- _WORK TO BE COMPLETED_:
Return the run of lines below that opens with the line containing "#153=FACE_BOUND('',#152,.T.);" and closes with the line containing "#160=ORIENTED_EDGE('',*,*,#32,.F.);", keeping each one exact.

- _TASK INPUTS_:
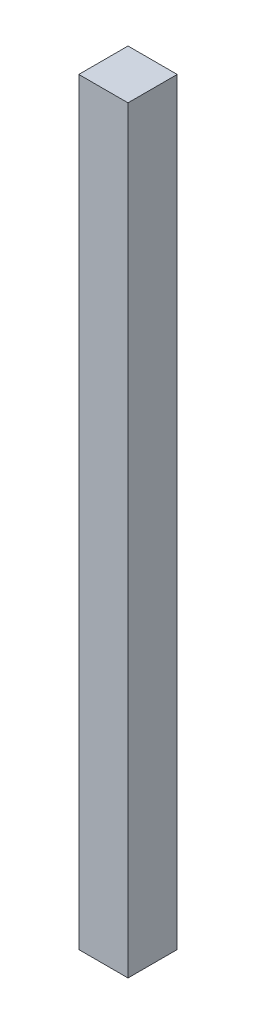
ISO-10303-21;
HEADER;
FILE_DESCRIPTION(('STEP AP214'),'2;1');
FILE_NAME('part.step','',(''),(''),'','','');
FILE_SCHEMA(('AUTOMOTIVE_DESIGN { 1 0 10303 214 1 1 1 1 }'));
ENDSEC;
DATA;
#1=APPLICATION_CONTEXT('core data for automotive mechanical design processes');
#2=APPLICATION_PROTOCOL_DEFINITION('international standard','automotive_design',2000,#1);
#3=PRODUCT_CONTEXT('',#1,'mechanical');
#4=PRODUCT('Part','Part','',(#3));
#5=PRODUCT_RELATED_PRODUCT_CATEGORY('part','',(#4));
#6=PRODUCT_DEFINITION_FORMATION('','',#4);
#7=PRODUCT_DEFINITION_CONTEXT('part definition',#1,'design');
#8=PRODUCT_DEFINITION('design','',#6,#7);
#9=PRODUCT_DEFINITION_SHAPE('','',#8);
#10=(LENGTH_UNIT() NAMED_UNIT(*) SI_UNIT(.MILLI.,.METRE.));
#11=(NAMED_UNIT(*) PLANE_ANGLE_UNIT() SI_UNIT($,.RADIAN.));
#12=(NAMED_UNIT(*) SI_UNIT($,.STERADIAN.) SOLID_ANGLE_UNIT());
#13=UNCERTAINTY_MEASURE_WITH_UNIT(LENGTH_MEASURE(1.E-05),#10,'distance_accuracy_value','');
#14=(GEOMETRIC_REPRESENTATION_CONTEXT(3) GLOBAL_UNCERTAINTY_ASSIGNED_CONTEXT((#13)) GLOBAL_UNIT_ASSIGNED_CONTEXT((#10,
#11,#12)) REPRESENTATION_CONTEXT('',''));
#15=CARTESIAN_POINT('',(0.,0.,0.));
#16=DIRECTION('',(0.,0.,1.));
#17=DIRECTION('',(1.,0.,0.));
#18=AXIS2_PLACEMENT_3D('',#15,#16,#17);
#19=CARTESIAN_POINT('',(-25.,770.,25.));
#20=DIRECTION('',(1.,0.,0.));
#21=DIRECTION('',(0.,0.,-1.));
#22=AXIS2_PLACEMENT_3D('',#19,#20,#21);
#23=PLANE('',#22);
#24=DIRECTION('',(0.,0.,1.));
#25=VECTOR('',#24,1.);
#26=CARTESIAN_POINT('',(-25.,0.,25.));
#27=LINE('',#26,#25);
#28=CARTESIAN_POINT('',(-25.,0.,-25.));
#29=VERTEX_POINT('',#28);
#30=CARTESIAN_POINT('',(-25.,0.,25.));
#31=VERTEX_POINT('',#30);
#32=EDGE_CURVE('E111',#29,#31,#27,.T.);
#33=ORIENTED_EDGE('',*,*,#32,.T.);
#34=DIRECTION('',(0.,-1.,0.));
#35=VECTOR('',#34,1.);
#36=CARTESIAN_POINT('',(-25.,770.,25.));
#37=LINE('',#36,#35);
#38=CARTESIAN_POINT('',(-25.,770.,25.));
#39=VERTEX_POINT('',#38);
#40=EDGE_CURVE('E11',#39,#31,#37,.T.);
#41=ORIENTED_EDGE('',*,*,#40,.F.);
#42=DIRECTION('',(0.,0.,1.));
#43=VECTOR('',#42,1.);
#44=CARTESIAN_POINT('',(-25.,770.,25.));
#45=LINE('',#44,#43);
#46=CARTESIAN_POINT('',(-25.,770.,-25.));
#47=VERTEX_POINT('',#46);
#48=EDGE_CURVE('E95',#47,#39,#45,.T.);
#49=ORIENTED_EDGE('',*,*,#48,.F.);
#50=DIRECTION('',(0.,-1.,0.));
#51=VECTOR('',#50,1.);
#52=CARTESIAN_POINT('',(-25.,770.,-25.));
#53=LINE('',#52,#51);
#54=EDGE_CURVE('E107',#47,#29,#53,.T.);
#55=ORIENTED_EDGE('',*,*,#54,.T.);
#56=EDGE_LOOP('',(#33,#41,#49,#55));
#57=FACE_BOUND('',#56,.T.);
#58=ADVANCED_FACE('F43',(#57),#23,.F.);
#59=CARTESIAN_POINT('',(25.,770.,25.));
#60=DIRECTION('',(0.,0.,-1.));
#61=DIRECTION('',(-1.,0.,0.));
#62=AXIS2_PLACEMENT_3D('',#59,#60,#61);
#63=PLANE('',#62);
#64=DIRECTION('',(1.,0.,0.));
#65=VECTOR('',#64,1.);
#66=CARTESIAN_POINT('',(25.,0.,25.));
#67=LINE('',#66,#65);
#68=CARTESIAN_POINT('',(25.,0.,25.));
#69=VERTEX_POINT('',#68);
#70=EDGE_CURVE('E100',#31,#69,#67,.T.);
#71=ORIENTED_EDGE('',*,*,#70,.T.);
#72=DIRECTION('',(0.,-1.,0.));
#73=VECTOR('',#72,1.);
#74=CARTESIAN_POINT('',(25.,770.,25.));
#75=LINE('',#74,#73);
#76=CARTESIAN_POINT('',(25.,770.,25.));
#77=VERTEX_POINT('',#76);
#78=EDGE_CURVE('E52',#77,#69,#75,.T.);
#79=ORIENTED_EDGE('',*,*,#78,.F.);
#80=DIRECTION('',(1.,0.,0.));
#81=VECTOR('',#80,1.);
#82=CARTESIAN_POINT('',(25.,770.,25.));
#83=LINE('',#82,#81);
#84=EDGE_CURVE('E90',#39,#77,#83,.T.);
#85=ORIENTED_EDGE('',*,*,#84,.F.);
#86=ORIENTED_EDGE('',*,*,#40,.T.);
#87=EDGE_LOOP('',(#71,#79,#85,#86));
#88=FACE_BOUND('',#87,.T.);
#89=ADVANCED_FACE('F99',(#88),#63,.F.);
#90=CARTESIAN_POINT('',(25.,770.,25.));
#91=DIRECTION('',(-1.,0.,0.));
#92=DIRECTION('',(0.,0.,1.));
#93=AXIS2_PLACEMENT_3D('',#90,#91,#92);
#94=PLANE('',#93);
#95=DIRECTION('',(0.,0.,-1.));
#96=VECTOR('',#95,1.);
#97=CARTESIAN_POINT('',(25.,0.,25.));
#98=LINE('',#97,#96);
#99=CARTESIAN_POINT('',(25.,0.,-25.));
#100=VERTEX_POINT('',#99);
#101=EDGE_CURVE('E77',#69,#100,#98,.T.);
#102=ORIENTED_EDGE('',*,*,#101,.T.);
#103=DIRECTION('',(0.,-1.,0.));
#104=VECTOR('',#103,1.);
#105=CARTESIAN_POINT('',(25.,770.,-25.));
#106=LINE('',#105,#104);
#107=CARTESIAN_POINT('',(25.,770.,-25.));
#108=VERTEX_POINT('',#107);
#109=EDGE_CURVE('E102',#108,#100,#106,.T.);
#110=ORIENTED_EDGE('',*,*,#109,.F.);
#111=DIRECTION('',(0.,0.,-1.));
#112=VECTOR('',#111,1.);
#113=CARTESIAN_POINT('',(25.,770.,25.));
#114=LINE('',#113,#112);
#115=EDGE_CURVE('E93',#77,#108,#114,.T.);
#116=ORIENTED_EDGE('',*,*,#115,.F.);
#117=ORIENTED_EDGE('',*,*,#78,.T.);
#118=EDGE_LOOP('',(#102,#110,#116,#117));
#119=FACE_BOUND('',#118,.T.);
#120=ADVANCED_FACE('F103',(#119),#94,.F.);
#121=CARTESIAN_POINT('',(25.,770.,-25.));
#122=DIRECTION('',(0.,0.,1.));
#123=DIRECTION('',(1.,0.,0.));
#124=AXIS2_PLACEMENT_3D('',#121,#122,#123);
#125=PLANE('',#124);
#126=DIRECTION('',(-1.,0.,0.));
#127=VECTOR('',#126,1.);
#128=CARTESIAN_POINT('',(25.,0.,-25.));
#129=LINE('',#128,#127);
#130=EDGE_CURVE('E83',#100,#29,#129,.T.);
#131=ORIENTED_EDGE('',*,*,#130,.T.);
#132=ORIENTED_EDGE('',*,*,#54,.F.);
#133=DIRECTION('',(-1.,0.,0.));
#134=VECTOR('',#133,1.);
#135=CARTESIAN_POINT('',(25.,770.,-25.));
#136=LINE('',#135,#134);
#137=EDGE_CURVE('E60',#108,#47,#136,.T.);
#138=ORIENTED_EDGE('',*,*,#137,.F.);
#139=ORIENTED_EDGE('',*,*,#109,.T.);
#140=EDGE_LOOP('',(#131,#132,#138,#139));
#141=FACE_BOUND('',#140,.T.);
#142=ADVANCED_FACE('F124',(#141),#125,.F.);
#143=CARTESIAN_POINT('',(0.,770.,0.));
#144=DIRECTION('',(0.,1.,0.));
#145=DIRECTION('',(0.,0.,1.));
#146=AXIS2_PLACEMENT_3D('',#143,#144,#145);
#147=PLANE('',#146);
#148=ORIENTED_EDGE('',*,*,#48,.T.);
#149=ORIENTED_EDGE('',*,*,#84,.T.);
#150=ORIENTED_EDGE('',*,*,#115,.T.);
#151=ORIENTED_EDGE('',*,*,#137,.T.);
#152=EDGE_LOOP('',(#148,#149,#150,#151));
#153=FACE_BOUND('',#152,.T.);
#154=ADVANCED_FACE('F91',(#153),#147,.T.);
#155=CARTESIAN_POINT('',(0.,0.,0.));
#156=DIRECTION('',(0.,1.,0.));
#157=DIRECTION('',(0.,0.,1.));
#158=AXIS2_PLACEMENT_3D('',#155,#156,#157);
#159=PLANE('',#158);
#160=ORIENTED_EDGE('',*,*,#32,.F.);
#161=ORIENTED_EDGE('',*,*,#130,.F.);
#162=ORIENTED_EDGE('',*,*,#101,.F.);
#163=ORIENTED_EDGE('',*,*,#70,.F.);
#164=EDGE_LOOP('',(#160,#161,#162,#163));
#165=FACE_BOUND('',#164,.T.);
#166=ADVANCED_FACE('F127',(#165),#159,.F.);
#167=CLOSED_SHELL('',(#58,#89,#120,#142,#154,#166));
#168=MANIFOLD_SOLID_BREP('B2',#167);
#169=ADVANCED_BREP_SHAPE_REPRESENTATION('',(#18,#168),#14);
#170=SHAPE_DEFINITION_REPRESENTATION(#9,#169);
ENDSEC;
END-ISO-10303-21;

- _EXERCISE SOLUTION_:
#153=FACE_BOUND('',#152,.T.);
#154=ADVANCED_FACE('F91',(#153),#147,.T.);
#155=CARTESIAN_POINT('',(0.,0.,0.));
#156=DIRECTION('',(0.,1.,0.));
#157=DIRECTION('',(0.,0.,1.));
#158=AXIS2_PLACEMENT_3D('',#155,#156,#157);
#159=PLANE('',#158);
#160=ORIENTED_EDGE('',*,*,#32,.F.);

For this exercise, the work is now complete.